= Lois Jotter =

American botanist

Mary Lois Jotter Cutter (March 11, 1914–April 30, 2013) was an American botanist. Jotter and Elzada Clover were the first women to raft the entire length of the Grand Canyon in 1938, making scientific collections of plants along the way.

== Early life and education ==
Born Mary Lois Jotter on March 11, 1914 in Weaverville, California, she was interested in science and botany from a young age. Her father, E.V. Jotter, a German Mennonite who taught forestry at the University of Michigan, and her mother, Artie May Lomb, encouraged her to study science while growing up in Michigan. She graduated from the University of Michigan with a bachelor's degree in botany and biology and continued her studies in botany, obtaining a doctorate from the University of Michigan in 1943. Her graduate studies focused on the cytogenetics of the evening primrose.

== Grand Canyon Expedition ==
Jotter's mentor at the University of Michigan, Elzada Clover, invited her to join a boating expedition along the Colorado River through the Grand Canyon in the summer of 1938, during her graduate studies. The women planned to document and gather native plant species during the trip. At the time, only a few men had successfully boated down the Colorado and the only woman to attempt it, Bessie Hyde had died in the attempt. Some of the women's colleagues and family members discouraged their participation in the trip due to the associated danger; other were fully supportive. The novelty of the women's involvement generated significant press coverage at the time; articles tended to focus on the botanists' gender, appearance, and age rather than their scientific goals.

The expedition departed Green River, Utah on June 20 with a plan to travel the Colorado River through the Cataract Canyon and Grand Canyon all the way to Lake Mead, Arizona - 666 miles. The group set out in three boats built by the trip organizer Norman Nevills, the Wen, the Botany, and the Mexican Hat on June 20, 1938. Other members of the initial group included: Eugene Atkinson, a zoology graduate student at the University of Michigan, Don Harris, an engineer with the U.S. Geological Survey, and Bill Gibson, an artist from San Francisco. The first half of the trip was tainted by conflict and Nevills sent Atkinson home during a stop at Lee's Ferry.

It took the group 43 days total (36 of those were spent on the river) to travel from Green River to Lake Mead, a few days more than expected, partially due to frequent stops so Jotter and Clover could gather specimens. At one point, the Coast Guard sent out a plane to search for the group. They were found and signaled all was well. The expedition ended on August 1, 1938 to much fanfare and press coverage. The Associated Press headline stated "Women Make Perilous Trip Through Colorado Gorges".

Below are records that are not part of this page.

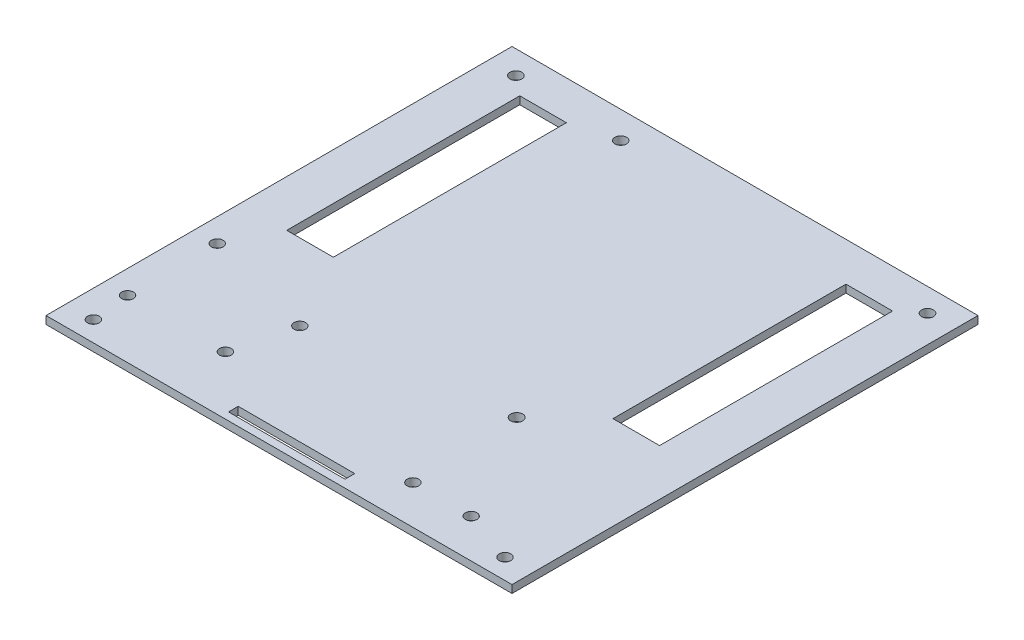
ISO-10303-21;
HEADER;
FILE_DESCRIPTION(('STEP AP214'),'2;1');
FILE_NAME('part.step','',(''),(''),'','','');
FILE_SCHEMA(('AUTOMOTIVE_DESIGN { 1 0 10303 214 1 1 1 1 }'));
ENDSEC;
DATA;
#1=APPLICATION_CONTEXT('core data for automotive mechanical design processes');
#2=APPLICATION_PROTOCOL_DEFINITION('international standard','automotive_design',2000,#1);
#3=PRODUCT_CONTEXT('',#1,'mechanical');
#4=PRODUCT('Part','Part','',(#3));
#5=PRODUCT_RELATED_PRODUCT_CATEGORY('part','',(#4));
#6=PRODUCT_DEFINITION_FORMATION('','',#4);
#7=PRODUCT_DEFINITION_CONTEXT('part definition',#1,'design');
#8=PRODUCT_DEFINITION('design','',#6,#7);
#9=PRODUCT_DEFINITION_SHAPE('','',#8);
#10=(LENGTH_UNIT() NAMED_UNIT(*) SI_UNIT(.MILLI.,.METRE.));
#11=(NAMED_UNIT(*) PLANE_ANGLE_UNIT() SI_UNIT($,.RADIAN.));
#12=(NAMED_UNIT(*) SI_UNIT($,.STERADIAN.) SOLID_ANGLE_UNIT());
#13=UNCERTAINTY_MEASURE_WITH_UNIT(LENGTH_MEASURE(1.E-05),#10,'distance_accuracy_value','');
#14=(GEOMETRIC_REPRESENTATION_CONTEXT(3) GLOBAL_UNCERTAINTY_ASSIGNED_CONTEXT((#13)) GLOBAL_UNIT_ASSIGNED_CONTEXT((#10,
#11,#12)) REPRESENTATION_CONTEXT('',''));
#15=CARTESIAN_POINT('',(0.,0.,0.));
#16=DIRECTION('',(0.,0.,1.));
#17=DIRECTION('',(1.,0.,0.));
#18=AXIS2_PLACEMENT_3D('',#15,#16,#17);
#19=CARTESIAN_POINT('',(-60.,2.,60.));
#20=DIRECTION('',(1.,0.,0.));
#21=DIRECTION('',(0.,0.,-1.));
#22=AXIS2_PLACEMENT_3D('',#19,#20,#21);
#23=PLANE('',#22);
#24=DIRECTION('',(0.,0.,1.));
#25=VECTOR('',#24,1.);
#26=CARTESIAN_POINT('',(-60.,0.,60.));
#27=LINE('',#26,#25);
#28=CARTESIAN_POINT('',(-60.,0.,-60.));
#29=VERTEX_POINT('',#28);
#30=CARTESIAN_POINT('',(-60.,0.,60.));
#31=VERTEX_POINT('',#30);
#32=EDGE_CURVE('E309',#29,#31,#27,.T.);
#33=ORIENTED_EDGE('',*,*,#32,.T.);
#34=DIRECTION('',(0.,-1.,0.));
#35=VECTOR('',#34,1.);
#36=CARTESIAN_POINT('',(-60.,2.,60.));
#37=LINE('',#36,#35);
#38=CARTESIAN_POINT('',(-60.,2.,60.));
#39=VERTEX_POINT('',#38);
#40=EDGE_CURVE('E11',#39,#31,#37,.T.);
#41=ORIENTED_EDGE('',*,*,#40,.F.);
#42=DIRECTION('',(0.,0.,1.));
#43=VECTOR('',#42,1.);
#44=CARTESIAN_POINT('',(-60.,2.,60.));
#45=LINE('',#44,#43);
#46=CARTESIAN_POINT('',(-60.,2.,-60.));
#47=VERTEX_POINT('',#46);
#48=EDGE_CURVE('E312',#47,#39,#45,.T.);
#49=ORIENTED_EDGE('',*,*,#48,.F.);
#50=DIRECTION('',(0.,-1.,0.));
#51=VECTOR('',#50,1.);
#52=CARTESIAN_POINT('',(-60.,2.,-60.));
#53=LINE('',#52,#51);
#54=EDGE_CURVE('E322',#47,#29,#53,.T.);
#55=ORIENTED_EDGE('',*,*,#54,.T.);
#56=EDGE_LOOP('',(#33,#41,#49,#55));
#57=FACE_BOUND('',#56,.T.);
#58=ADVANCED_FACE('F35',(#57),#23,.F.);
#59=CARTESIAN_POINT('',(60.,2.,60.));
#60=DIRECTION('',(0.,0.,-1.));
#61=DIRECTION('',(-1.,0.,0.));
#62=AXIS2_PLACEMENT_3D('',#59,#60,#61);
#63=PLANE('',#62);
#64=DIRECTION('',(1.,0.,0.));
#65=VECTOR('',#64,1.);
#66=CARTESIAN_POINT('',(60.,0.,60.));
#67=LINE('',#66,#65);
#68=CARTESIAN_POINT('',(60.,0.,60.));
#69=VERTEX_POINT('',#68);
#70=EDGE_CURVE('E325',#31,#69,#67,.T.);
#71=ORIENTED_EDGE('',*,*,#70,.T.);
#72=DIRECTION('',(0.,-1.,0.));
#73=VECTOR('',#72,1.);
#74=CARTESIAN_POINT('',(60.,2.,60.));
#75=LINE('',#74,#73);
#76=CARTESIAN_POINT('',(60.,2.,60.));
#77=VERTEX_POINT('',#76);
#78=EDGE_CURVE('E42',#77,#69,#75,.T.);
#79=ORIENTED_EDGE('',*,*,#78,.F.);
#80=DIRECTION('',(1.,0.,0.));
#81=VECTOR('',#80,1.);
#82=CARTESIAN_POINT('',(60.,2.,60.));
#83=LINE('',#82,#81);
#84=EDGE_CURVE('E315',#39,#77,#83,.T.);
#85=ORIENTED_EDGE('',*,*,#84,.F.);
#86=ORIENTED_EDGE('',*,*,#40,.T.);
#87=EDGE_LOOP('',(#71,#79,#85,#86));
#88=FACE_BOUND('',#87,.T.);
#89=ADVANCED_FACE('F354',(#88),#63,.F.);
#90=CARTESIAN_POINT('',(60.,2.,60.));
#91=DIRECTION('',(-1.,0.,0.));
#92=DIRECTION('',(0.,0.,1.));
#93=AXIS2_PLACEMENT_3D('',#90,#91,#92);
#94=PLANE('',#93);
#95=DIRECTION('',(0.,0.,-1.));
#96=VECTOR('',#95,1.);
#97=CARTESIAN_POINT('',(60.,0.,60.));
#98=LINE('',#97,#96);
#99=CARTESIAN_POINT('',(60.,0.,-60.));
#100=VERTEX_POINT('',#99);
#101=EDGE_CURVE('E327',#69,#100,#98,.T.);
#102=ORIENTED_EDGE('',*,*,#101,.T.);
#103=DIRECTION('',(0.,-1.,0.));
#104=VECTOR('',#103,1.);
#105=CARTESIAN_POINT('',(60.,2.,-60.));
#106=LINE('',#105,#104);
#107=CARTESIAN_POINT('',(60.,2.,-60.));
#108=VERTEX_POINT('',#107);
#109=EDGE_CURVE('E332',#108,#100,#106,.T.);
#110=ORIENTED_EDGE('',*,*,#109,.F.);
#111=DIRECTION('',(0.,0.,-1.));
#112=VECTOR('',#111,1.);
#113=CARTESIAN_POINT('',(60.,2.,60.));
#114=LINE('',#113,#112);
#115=EDGE_CURVE('E318',#77,#108,#114,.T.);
#116=ORIENTED_EDGE('',*,*,#115,.F.);
#117=ORIENTED_EDGE('',*,*,#78,.T.);
#118=EDGE_LOOP('',(#102,#110,#116,#117));
#119=FACE_BOUND('',#118,.T.);
#120=ADVANCED_FACE('F339',(#119),#94,.F.);
#121=CARTESIAN_POINT('',(60.,2.,-60.));
#122=DIRECTION('',(0.,0.,1.));
#123=DIRECTION('',(1.,0.,0.));
#124=AXIS2_PLACEMENT_3D('',#121,#122,#123);
#125=PLANE('',#124);
#126=DIRECTION('',(-1.,0.,0.));
#127=VECTOR('',#126,1.);
#128=CARTESIAN_POINT('',(60.,0.,-60.));
#129=LINE('',#128,#127);
#130=EDGE_CURVE('E316',#100,#29,#129,.T.);
#131=ORIENTED_EDGE('',*,*,#130,.T.);
#132=ORIENTED_EDGE('',*,*,#54,.F.);
#133=DIRECTION('',(-1.,0.,0.));
#134=VECTOR('',#133,1.);
#135=CARTESIAN_POINT('',(60.,2.,-60.));
#136=LINE('',#135,#134);
#137=EDGE_CURVE('E320',#108,#47,#136,.T.);
#138=ORIENTED_EDGE('',*,*,#137,.F.);
#139=ORIENTED_EDGE('',*,*,#109,.T.);
#140=EDGE_LOOP('',(#131,#132,#138,#139));
#141=FACE_BOUND('',#140,.T.);
#142=ADVANCED_FACE('F347',(#141),#125,.F.);
#143=CARTESIAN_POINT('',(0.,2.,0.));
#144=DIRECTION('',(0.,1.,0.));
#145=DIRECTION('',(0.,0.,1.));
#146=AXIS2_PLACEMENT_3D('',#143,#144,#145);
#147=PLANE('',#146);
#148=CARTESIAN_POINT('',(39.4795870915248,2.,50.));
#149=DIRECTION('',(0.,1.,0.));
#150=DIRECTION('',(0.,0.,1.));
#151=AXIS2_PLACEMENT_3D('',#148,#149,#150);
#152=CIRCLE('',#151,1.5);
#153=CARTESIAN_POINT('',(39.4795870915248,2.,51.5));
#154=VERTEX_POINT('',#153);
#155=EDGE_CURVE('E468',#154,#154,#152,.T.);
#156=ORIENTED_EDGE('',*,*,#155,.F.);
#157=EDGE_LOOP('',(#156));
#158=FACE_BOUND('',#157,.T.);
#159=CARTESIAN_POINT('',(24.4795870915248,2.,50.));
#160=DIRECTION('',(0.,1.,0.));
#161=DIRECTION('',(0.,0.,1.));
#162=AXIS2_PLACEMENT_3D('',#159,#160,#161);
#163=CIRCLE('',#162,1.5);
#164=CARTESIAN_POINT('',(24.4795870915248,2.,51.5));
#165=VERTEX_POINT('',#164);
#166=EDGE_CURVE('E171',#165,#165,#163,.T.);
#167=ORIENTED_EDGE('',*,*,#166,.F.);
#168=EDGE_LOOP('',(#167));
#169=FACE_BOUND('',#168,.T.);
#170=DIRECTION('',(0.,0.,1.));
#171=VECTOR('',#170,1.);
#172=CARTESIAN_POINT('',(-15.,2.,58.));
#173=LINE('',#172,#171);
#174=CARTESIAN_POINT('',(-15.,2.,55.5));
#175=VERTEX_POINT('',#174);
#176=CARTESIAN_POINT('',(-15.,2.,58.));
#177=VERTEX_POINT('',#176);
#178=EDGE_CURVE('E49',#175,#177,#173,.T.);
#179=ORIENTED_EDGE('',*,*,#178,.F.);
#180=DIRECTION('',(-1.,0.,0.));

During the expedition, Jotter and Clover recorded and gathered many plant species along the river. They traveled with handmade plant presses, cinched tight with leather straps. In her trip logbook, Jotter wrote, "we collected furiously." In 1941, Jotter and Clover published a paper on the cactus they found, as well as a comprehensive plant list. In their publications, they identified four new species of cactus: Grand Canyon claret cup (Echinocereus canyonensis); small flower fishhook cactus (Sclerocactus parviflorus); strawberry hedgehog cactus (Echinocereus decumbens); and an elongated variety of beavertail prickly pear (Opuntia longiareolata). Their research was the only botanical survey of the Colorado River documenting the plant life before the Glen Canyon Dam significantly altered it beginning in 1966.

== Career and later life ==
Jotter was an Assistant Professor of Biology at UNC-Greensboro from 1963 until she retired in 1984.

In 1994, she returned to the Grand Canyon for a second time as part of a scientific expedition to study environmental change in the area. The group used Jotter and Clover's plant list from 1938 as the basis of their work to restore native species destroyed by the Glen Canyon Dam.

Jotter died of congestive heart failure on April 30, 2013 in Greensboro, NC. At the time of her death at age 99, Jotter was the last surviving member of the 1938 Grand Canyon expedition. Clover had died in 1980.

== Personal life ==
She married Guatemalan botanist Dr. Victor Cutter, Jr. in 1942, and they had two children, Ann and Vic Cutter. Her husband died in 1962.